Data newsletter
Good Morning Data #2 ☕
--
Today’s Good Morning Data will focus on Azure Data Factory and Execution Engine Velox.
Grab a cup of coffee or any other favourite beverage and start the day with some noteworthy material from the world of data. Enjoy reading 📚
Data in MAANG
[META] Introducing Velox: An open-source unified execution engine
Nowadays, companies are using an ever-increasing number of user workloads such as analytics, real-time, transactional, monitoring, and machine learning which is the biggest consumer of data systems.
The typical approach has been to use specialised processing engines depending on the type of workload (Spark, Presto, Scuba, Cubick etc.).
However, their disadvantage is the high limit of reusability and the fact that they expose inconsistencies to the end-user.
Their common feature is the layered architecture of these tools:
- Front-end,
- IR,
- Optimizer,
- Execution Runtime,
- Execution Engine.
The Execution Engine stands out in particular, which led Meta to conclude that it would be possible to consolidate them into a single engine.
In this way, they created an engine (still under development) which accelerates data management, primarily using:
- shared library,
- common data processing APIs,
- integration into data management systems.

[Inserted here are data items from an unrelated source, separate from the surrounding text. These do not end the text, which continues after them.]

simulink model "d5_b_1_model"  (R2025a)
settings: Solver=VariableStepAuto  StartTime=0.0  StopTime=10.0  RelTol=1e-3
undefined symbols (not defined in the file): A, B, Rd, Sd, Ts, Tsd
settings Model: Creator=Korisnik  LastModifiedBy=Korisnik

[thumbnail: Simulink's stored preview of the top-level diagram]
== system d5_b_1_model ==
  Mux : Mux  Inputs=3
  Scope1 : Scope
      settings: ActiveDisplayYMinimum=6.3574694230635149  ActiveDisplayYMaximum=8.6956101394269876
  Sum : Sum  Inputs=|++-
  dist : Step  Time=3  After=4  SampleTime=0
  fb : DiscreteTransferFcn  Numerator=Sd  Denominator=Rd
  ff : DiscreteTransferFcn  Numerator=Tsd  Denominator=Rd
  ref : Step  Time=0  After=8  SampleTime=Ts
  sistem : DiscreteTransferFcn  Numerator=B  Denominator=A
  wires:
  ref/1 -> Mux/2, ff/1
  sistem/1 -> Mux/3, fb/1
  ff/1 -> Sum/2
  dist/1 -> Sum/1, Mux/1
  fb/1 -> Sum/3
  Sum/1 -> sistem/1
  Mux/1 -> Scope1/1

For those who are interested in more details, I encourage you to read this thesis:
[Guang X] Lessons learned from Azure Data Factory
ADF is constantly gaining more popularity. After using it for a certain period of time the advantages and disadvantages become visible, which is what this article is about — the learned lessons.
[Davide Mauri] Azure SQL Managed Instances and Azure Data Factory: a walk-through
To execute or dispatch activities defined in the pipelines, a compute infrastructure is needed. The way to provide compute power is to use Integration Runtime.
In general, there are three types of Integration Runtime in Azure.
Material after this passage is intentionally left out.